[Stored data entries]
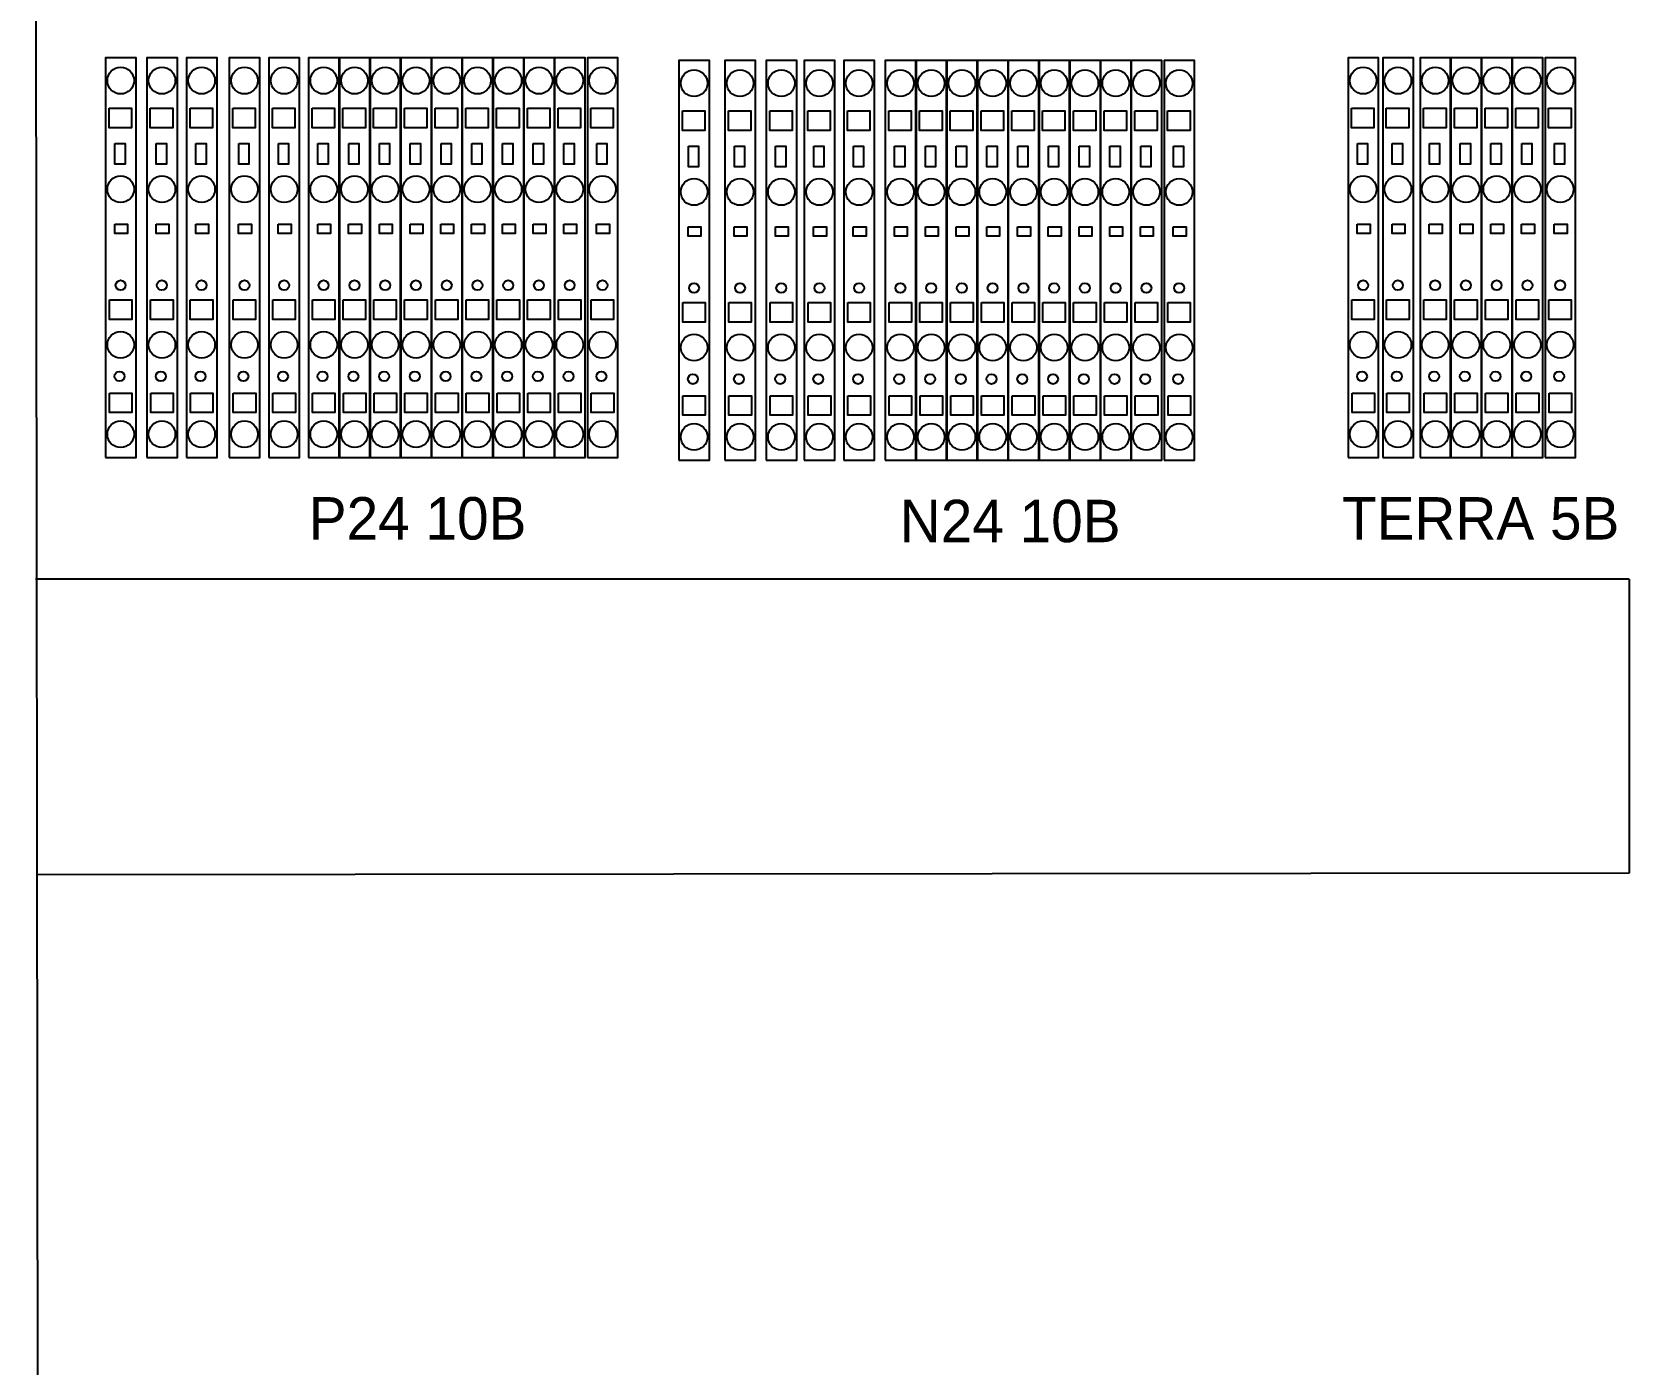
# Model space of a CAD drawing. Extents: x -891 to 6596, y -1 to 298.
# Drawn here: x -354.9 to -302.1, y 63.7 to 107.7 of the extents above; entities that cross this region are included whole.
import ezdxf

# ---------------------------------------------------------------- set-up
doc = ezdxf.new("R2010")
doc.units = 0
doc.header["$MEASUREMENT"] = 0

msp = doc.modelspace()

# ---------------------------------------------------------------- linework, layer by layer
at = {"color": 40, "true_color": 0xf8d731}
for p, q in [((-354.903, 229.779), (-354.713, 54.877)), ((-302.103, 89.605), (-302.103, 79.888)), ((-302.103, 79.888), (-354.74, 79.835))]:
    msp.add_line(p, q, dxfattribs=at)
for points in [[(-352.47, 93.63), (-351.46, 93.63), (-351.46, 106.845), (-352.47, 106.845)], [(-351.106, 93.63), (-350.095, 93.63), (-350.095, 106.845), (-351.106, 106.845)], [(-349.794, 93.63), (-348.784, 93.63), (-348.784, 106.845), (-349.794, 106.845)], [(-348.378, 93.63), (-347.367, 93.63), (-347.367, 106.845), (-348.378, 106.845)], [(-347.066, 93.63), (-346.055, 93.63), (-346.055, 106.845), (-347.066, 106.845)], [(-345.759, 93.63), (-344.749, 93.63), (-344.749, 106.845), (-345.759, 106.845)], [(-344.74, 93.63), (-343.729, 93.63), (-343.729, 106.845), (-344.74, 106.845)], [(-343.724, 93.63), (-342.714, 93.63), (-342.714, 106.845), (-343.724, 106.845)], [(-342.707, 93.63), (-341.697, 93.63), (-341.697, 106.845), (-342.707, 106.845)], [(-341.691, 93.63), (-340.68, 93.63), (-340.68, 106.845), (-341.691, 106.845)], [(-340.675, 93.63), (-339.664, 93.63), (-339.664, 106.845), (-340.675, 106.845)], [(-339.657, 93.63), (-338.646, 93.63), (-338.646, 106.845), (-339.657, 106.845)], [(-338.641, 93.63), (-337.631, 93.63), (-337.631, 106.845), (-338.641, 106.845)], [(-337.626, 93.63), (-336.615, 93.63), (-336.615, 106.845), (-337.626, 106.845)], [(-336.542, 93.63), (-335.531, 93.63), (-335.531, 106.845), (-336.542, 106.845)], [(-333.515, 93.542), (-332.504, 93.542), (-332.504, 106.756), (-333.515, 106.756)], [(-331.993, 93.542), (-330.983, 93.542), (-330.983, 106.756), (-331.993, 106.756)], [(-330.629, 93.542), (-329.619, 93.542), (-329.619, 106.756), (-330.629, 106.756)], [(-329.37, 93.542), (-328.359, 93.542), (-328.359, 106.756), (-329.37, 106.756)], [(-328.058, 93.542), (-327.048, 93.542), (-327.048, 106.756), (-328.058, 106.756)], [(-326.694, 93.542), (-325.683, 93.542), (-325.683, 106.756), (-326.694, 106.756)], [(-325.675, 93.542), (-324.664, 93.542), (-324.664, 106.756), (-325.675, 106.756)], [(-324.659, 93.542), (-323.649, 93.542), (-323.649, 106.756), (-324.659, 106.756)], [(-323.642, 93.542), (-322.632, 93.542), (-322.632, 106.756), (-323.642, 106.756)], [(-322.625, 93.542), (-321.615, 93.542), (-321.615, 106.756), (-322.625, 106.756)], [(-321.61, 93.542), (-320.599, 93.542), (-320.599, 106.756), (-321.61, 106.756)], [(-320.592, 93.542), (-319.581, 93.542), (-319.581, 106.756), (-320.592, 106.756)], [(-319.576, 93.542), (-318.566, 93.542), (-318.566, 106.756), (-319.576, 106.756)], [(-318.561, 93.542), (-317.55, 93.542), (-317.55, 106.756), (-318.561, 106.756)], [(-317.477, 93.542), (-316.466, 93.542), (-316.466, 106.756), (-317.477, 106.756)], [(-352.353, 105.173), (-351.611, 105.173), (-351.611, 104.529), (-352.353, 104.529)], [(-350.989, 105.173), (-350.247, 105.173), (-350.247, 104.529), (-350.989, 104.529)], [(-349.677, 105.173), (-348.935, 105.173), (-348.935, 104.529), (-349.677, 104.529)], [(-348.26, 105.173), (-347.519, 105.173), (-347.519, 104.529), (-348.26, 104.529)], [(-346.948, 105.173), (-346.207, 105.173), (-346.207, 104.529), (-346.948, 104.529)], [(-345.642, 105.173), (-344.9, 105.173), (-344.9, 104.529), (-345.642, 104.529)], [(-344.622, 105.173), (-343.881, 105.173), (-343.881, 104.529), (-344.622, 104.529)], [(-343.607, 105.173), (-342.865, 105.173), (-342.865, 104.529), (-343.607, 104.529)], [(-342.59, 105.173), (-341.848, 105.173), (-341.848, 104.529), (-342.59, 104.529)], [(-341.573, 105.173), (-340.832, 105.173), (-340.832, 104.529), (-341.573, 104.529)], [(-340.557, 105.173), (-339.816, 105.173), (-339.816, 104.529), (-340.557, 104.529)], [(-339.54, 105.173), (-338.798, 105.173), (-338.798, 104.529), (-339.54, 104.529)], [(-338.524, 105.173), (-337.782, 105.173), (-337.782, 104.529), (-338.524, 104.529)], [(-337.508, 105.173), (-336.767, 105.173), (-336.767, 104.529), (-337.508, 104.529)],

## TASK GOAL:
Reproduce exactly the entries above, limited to the lines from the one with "doc.units = 0" through the one with "msp.add_line(p, q, dxfattribs=at)", both included.

## SOLVED PROBLEM:
doc.units = 0
doc.header["$MEASUREMENT"] = 0

msp = doc.modelspace()

# ---------------------------------------------------------------- linework, layer by layer
at = {"color": 40, "true_color": 0xf8d731}
for p, q in [((-354.903, 229.779), (-354.713, 54.877)), ((-302.103, 89.605), (-302.103, 79.888)), ((-302.103, 79.888), (-354.74, 79.835))]:
    msp.add_line(p, q, dxfattribs=at)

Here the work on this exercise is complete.